* PROBLEM TO SOLVE:
Reproduce the data below exactly as written. Pictures do not belong in the copy.

* Extracted data entries:
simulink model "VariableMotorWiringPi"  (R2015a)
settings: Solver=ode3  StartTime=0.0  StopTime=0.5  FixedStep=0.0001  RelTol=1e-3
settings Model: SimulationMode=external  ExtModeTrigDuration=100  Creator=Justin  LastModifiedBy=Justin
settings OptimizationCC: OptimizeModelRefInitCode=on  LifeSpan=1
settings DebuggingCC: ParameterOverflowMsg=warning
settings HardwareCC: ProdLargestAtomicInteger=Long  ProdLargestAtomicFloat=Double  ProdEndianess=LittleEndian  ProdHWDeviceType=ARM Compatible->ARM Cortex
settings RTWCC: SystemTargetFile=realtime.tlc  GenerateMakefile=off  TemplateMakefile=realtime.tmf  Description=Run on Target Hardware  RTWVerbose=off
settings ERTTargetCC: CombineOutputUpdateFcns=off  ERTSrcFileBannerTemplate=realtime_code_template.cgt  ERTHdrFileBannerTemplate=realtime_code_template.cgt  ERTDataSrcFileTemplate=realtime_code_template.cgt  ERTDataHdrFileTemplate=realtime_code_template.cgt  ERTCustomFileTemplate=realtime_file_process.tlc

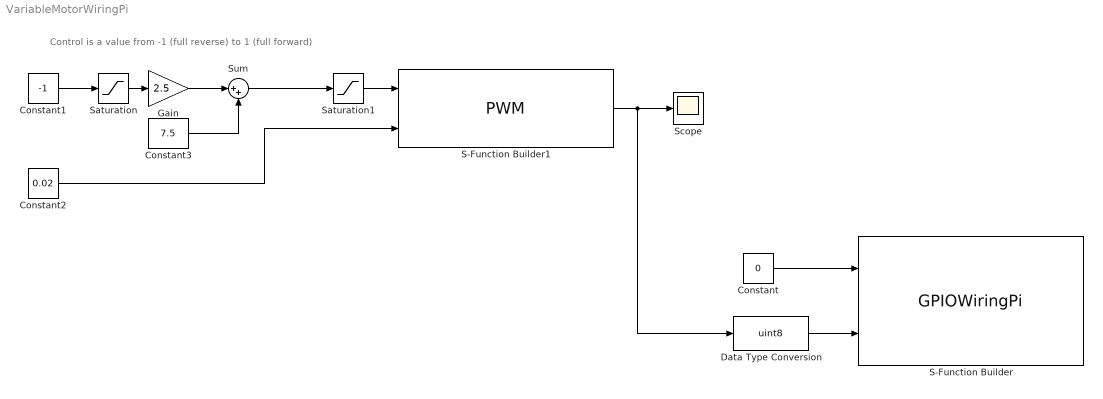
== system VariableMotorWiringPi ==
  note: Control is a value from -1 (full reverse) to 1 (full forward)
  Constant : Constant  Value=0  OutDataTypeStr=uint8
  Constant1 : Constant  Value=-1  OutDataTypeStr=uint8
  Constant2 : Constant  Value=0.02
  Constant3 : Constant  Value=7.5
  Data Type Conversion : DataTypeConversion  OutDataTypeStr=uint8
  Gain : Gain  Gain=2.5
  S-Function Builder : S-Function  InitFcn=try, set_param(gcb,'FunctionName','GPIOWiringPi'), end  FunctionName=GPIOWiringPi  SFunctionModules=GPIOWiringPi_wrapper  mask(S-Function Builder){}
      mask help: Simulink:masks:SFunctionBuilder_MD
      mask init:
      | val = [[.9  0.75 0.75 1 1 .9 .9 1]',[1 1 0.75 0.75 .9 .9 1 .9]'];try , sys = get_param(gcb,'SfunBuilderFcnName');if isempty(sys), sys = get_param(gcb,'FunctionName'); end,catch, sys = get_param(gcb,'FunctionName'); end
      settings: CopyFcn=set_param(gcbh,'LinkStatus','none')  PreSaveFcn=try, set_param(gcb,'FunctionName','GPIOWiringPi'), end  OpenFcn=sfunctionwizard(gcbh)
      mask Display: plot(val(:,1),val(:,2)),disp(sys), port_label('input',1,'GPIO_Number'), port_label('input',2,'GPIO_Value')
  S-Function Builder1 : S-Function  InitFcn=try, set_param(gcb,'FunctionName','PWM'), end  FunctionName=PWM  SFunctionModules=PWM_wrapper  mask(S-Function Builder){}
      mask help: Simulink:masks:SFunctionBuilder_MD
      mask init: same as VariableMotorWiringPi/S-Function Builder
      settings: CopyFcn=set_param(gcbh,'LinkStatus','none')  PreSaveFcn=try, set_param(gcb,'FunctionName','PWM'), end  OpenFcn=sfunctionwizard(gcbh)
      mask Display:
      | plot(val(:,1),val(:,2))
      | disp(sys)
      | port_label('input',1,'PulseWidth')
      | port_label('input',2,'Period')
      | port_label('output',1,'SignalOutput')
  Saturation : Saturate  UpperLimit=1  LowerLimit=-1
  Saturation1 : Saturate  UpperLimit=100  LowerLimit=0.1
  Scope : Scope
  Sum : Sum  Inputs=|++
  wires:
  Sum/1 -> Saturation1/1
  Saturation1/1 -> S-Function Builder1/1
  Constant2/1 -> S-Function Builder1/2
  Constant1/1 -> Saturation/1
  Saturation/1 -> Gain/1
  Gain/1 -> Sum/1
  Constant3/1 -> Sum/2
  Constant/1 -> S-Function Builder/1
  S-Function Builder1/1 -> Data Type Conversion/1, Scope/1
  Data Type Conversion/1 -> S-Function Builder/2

* REPLY TO THE TASK:
simulink model "VariableMotorWiringPi"  (R2015a)
settings: Solver=ode3  StartTime=0.0  StopTime=0.5  FixedStep=0.0001  RelTol=1e-3
settings Model: SimulationMode=external  ExtModeTrigDuration=100  Creator=Justin  LastModifiedBy=Justin
settings OptimizationCC: OptimizeModelRefInitCode=on  LifeSpan=1
settings DebuggingCC: ParameterOverflowMsg=warning
settings HardwareCC: ProdLargestAtomicInteger=Long  ProdLargestAtomicFloat=Double  ProdEndianess=LittleEndian  ProdHWDeviceType=ARM Compatible->ARM Cortex
settings RTWCC: SystemTargetFile=realtime.tlc  GenerateMakefile=off  TemplateMakefile=realtime.tmf  Description=Run on Target Hardware  RTWVerbose=off
settings ERTTargetCC: CombineOutputUpdateFcns=off  ERTSrcFileBannerTemplate=realtime_code_template.cgt  ERTHdrFileBannerTemplate=realtime_code_template.cgt  ERTDataSrcFileTemplate=realtime_code_template.cgt  ERTDataHdrFileTemplate=realtime_code_template.cgt  ERTCustomFileTemplate=realtime_file_process.tlc

== system VariableMotorWiringPi ==
  note: Control is a value from -1 (full reverse) to 1 (full forward)
  Constant : Constant  Value=0  OutDataTypeStr=uint8
  Constant1 : Constant  Value=-1  OutDataTypeStr=uint8
  Constant2 : Constant  Value=0.02
  Constant3 : Constant  Value=7.5
  Data Type Conversion : DataTypeConversion  OutDataTypeStr=uint8
  Gain : Gain  Gain=2.5
  S-Function Builder : S-Function  InitFcn=try, set_param(gcb,'FunctionName','GPIOWiringPi'), end  FunctionName=GPIOWiringPi  SFunctionModules=GPIOWiringPi_wrapper  mask(S-Function Builder){}
      mask help: Simulink:masks:SFunctionBuilder_MD
      mask init:
      | val = [[.9  0.75 0.75 1 1 .9 .9 1]',[1 1 0.75 0.75 .9 .9 1 .9]'];try , sys = get_param(gcb,'SfunBuilderFcnName');if isempty(sys), sys = get_param(gcb,'FunctionName'); end,catch, sys = get_param(gcb,'FunctionName'); end
      settings: CopyFcn=set_param(gcbh,'LinkStatus','none')  PreSaveFcn=try, set_param(gcb,'FunctionName','GPIOWiringPi'), end  OpenFcn=sfunctionwizard(gcbh)
      mask Display: plot(val(:,1),val(:,2)),disp(sys), port_label('input',1,'GPIO_Number'), port_label('input',2,'GPIO_Value')
  S-Function Builder1 : S-Function  InitFcn=try, set_param(gcb,'FunctionName','PWM'), end  FunctionName=PWM  SFunctionModules=PWM_wrapper  mask(S-Function Builder){}
      mask help: Simulink:masks:SFunctionBuilder_MD
      mask init: same as VariableMotorWiringPi/S-Function Builder
      settings: CopyFcn=set_param(gcbh,'LinkStatus','none')  PreSaveFcn=try, set_param(gcb,'FunctionName','PWM'), end  OpenFcn=sfunctionwizard(gcbh)
      mask Display:
      | plot(val(:,1),val(:,2))
      | disp(sys)
      | port_label('input',1,'PulseWidth')
      | port_label('input',2,'Period')
      | port_label('output',1,'SignalOutput')
  Saturation : Saturate  UpperLimit=1  LowerLimit=-1
  Saturation1 : Saturate  UpperLimit=100  LowerLimit=0.1
  Scope : Scope
  Sum : Sum  Inputs=|++
  wires:
  Sum/1 -> Saturation1/1
  Saturation1/1 -> S-Function Builder1/1
  Constant2/1 -> S-Function Builder1/2
  Constant1/1 -> Saturation/1
  Saturation/1 -> Gain/1
  Gain/1 -> Sum/1
  Constant3/1 -> Sum/2
  Constant/1 -> S-Function Builder/1
  S-Function Builder1/1 -> Data Type Conversion/1, Scope/1
  Data Type Conversion/1 -> S-Function Builder/2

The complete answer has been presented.